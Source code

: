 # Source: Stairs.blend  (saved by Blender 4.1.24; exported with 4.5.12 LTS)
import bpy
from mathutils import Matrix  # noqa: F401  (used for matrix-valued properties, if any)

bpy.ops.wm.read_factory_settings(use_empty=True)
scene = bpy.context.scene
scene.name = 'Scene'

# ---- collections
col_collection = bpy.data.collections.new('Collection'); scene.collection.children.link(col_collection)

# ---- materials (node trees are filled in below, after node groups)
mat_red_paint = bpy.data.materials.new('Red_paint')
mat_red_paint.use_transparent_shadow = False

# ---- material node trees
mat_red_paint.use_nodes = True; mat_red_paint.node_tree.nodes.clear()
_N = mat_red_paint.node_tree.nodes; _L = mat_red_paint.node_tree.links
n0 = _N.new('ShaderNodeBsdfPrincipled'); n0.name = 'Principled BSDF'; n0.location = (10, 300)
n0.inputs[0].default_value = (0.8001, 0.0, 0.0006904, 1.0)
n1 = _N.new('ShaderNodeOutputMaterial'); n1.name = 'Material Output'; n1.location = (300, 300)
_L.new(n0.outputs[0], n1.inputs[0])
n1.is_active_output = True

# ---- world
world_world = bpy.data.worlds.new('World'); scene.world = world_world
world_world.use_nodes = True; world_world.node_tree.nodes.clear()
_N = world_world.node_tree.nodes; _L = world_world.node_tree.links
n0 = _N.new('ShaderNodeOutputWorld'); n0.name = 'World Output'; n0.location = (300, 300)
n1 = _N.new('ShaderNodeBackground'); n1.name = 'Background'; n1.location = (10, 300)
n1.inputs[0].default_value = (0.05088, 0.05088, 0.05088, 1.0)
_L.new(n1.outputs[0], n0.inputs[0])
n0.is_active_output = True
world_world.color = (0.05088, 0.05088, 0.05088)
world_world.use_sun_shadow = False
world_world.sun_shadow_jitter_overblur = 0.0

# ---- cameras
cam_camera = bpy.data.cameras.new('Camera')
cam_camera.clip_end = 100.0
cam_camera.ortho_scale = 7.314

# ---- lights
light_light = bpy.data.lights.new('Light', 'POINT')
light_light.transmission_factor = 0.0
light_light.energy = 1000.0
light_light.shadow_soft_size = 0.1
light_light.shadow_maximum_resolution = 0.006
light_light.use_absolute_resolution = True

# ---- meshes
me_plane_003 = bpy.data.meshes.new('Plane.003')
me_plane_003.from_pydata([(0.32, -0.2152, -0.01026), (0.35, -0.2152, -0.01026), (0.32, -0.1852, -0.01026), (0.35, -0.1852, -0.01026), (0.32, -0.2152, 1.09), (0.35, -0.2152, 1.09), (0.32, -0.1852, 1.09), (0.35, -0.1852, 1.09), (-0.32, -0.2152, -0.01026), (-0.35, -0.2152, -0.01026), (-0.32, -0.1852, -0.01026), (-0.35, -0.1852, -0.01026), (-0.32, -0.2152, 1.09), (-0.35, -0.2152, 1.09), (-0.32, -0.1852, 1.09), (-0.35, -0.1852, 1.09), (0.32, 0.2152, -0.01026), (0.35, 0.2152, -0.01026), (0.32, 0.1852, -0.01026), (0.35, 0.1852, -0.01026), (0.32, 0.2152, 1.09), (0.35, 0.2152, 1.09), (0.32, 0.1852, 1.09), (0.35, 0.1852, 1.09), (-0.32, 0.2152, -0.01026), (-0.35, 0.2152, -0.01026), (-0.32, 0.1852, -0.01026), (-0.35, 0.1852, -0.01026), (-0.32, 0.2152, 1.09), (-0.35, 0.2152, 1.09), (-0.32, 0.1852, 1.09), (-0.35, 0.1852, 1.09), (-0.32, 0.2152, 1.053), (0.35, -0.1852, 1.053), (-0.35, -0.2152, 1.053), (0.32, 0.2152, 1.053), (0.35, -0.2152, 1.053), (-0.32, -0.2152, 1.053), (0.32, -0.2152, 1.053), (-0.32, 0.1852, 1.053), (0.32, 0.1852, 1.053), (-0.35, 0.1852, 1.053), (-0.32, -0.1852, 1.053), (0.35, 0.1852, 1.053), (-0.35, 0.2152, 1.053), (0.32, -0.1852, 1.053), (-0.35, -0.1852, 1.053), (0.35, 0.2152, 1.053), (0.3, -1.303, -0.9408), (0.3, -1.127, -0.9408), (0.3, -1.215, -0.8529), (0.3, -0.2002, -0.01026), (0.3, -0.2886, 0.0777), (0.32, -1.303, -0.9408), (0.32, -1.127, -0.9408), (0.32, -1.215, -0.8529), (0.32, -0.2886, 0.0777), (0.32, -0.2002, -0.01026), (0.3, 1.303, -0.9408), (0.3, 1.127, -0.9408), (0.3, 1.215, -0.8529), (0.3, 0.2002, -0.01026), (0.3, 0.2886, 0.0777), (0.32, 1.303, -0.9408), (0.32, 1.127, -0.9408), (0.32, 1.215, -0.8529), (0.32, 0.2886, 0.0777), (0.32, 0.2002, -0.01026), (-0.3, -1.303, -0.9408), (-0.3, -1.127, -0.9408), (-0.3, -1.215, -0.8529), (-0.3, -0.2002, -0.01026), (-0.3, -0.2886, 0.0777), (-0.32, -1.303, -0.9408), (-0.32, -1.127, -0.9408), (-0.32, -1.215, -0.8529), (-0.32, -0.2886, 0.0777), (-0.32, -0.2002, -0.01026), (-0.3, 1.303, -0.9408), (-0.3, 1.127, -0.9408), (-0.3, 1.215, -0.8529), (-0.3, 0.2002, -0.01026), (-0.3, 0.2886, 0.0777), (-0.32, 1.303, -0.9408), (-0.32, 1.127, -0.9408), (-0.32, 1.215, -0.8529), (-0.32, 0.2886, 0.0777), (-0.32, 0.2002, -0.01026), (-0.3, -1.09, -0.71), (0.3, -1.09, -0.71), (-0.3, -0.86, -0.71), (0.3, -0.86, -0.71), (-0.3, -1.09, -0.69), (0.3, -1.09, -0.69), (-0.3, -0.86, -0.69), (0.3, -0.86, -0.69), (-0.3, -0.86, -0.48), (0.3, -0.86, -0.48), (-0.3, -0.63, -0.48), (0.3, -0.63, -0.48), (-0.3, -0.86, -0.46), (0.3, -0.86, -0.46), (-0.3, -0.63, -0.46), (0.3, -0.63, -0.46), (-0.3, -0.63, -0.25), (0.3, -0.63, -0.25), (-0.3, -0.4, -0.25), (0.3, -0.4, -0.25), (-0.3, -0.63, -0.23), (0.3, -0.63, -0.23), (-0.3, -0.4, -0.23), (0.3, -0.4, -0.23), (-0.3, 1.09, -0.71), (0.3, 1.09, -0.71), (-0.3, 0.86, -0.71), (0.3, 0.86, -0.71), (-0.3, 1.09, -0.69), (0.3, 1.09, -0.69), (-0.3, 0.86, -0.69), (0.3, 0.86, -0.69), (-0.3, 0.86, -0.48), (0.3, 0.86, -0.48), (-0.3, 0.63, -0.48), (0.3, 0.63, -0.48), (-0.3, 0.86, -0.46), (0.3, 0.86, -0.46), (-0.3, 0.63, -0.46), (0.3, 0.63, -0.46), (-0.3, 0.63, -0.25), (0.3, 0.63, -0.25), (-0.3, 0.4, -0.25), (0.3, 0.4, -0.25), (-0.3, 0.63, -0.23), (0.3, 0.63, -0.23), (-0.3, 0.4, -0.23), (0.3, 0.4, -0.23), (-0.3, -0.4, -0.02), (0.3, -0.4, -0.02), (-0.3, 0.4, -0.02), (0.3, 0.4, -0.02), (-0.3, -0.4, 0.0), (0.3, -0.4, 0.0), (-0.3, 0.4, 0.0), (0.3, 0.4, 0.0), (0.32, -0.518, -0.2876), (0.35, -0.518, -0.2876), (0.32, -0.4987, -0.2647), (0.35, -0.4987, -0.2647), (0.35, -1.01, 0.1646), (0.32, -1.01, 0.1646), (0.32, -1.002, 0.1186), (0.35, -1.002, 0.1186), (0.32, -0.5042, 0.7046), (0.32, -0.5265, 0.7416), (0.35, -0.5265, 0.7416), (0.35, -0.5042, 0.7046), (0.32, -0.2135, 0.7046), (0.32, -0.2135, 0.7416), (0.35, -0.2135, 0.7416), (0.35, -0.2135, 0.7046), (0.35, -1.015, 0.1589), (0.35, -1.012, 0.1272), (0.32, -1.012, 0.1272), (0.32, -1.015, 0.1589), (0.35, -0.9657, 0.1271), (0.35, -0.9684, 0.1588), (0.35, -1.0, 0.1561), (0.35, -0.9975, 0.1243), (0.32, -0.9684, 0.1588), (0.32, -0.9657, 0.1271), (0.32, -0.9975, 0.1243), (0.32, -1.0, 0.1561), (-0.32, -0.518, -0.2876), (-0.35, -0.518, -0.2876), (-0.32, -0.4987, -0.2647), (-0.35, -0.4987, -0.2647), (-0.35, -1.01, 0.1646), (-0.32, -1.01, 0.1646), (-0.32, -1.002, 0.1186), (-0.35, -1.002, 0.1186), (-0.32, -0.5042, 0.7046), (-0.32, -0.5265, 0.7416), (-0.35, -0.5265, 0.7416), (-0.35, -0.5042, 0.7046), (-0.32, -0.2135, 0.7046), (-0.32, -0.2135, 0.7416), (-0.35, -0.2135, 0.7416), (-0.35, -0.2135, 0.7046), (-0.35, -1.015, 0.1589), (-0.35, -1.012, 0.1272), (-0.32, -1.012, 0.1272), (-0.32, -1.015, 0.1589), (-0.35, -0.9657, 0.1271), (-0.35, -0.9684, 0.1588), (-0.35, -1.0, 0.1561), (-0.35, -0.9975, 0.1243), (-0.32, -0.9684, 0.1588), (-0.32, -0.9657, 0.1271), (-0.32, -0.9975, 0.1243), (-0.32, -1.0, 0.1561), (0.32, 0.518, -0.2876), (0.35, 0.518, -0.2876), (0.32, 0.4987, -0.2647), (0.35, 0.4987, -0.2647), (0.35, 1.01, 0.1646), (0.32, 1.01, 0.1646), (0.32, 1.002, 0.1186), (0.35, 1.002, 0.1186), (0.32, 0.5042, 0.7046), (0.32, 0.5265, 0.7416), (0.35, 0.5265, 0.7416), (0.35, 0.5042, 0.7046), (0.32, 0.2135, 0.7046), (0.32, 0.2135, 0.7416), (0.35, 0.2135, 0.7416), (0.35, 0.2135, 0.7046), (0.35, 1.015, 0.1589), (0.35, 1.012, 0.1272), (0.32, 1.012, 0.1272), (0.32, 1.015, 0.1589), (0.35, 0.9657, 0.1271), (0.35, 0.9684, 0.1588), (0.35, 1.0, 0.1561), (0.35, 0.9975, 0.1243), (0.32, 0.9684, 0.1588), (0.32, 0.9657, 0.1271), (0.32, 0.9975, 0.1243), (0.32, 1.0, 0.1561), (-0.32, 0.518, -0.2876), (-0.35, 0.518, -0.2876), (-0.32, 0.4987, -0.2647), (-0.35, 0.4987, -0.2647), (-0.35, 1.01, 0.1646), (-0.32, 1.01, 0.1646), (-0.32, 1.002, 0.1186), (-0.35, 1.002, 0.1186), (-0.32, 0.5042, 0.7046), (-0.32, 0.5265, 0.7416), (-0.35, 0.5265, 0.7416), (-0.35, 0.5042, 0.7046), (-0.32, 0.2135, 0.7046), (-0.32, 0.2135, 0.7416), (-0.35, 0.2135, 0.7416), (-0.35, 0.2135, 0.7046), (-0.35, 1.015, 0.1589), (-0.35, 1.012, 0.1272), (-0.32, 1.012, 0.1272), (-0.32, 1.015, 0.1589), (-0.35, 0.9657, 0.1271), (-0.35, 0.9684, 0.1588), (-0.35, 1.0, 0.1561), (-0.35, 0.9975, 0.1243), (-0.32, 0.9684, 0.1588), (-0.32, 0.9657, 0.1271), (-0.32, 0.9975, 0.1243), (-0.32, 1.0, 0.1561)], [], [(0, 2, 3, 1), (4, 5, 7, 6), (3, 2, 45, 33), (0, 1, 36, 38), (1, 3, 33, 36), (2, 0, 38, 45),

-.-.-

◆ Aim of the task
Only those lines of the entries above that run from the line containing "world_world.use_nodes = True;" to the line containing "me_plane_003 = bpy.data.meshes.new('Plane.003')", both included, should be transcribed exactly.

◆ Solution
world_world.use_nodes = True; world_world.node_tree.nodes.clear()
_N = world_world.node_tree.nodes; _L = world_world.node_tree.links
n0 = _N.new('ShaderNodeOutputWorld'); n0.name = 'World Output'; n0.location = (300, 300)
n1 = _N.new('ShaderNodeBackground'); n1.name = 'Background'; n1.location = (10, 300)
n1.inputs[0].default_value = (0.05088, 0.05088, 0.05088, 1.0)
_L.new(n1.outputs[0], n0.inputs[0])
n0.is_active_output = True
world_world.color = (0.05088, 0.05088, 0.05088)
world_world.use_sun_shadow = False
world_world.sun_shadow_jitter_overblur = 0.0

# ---- cameras
cam_camera = bpy.data.cameras.new('Camera')
cam_camera.clip_end = 100.0
cam_camera.ortho_scale = 7.314

# ---- lights
light_light = bpy.data.lights.new('Light', 'POINT')
light_light.transmission_factor = 0.0
light_light.energy = 1000.0
light_light.shadow_soft_size = 0.1
light_light.shadow_maximum_resolution = 0.006
light_light.use_absolute_resolution = True

# ---- meshes
me_plane_003 = bpy.data.meshes.new('Plane.003')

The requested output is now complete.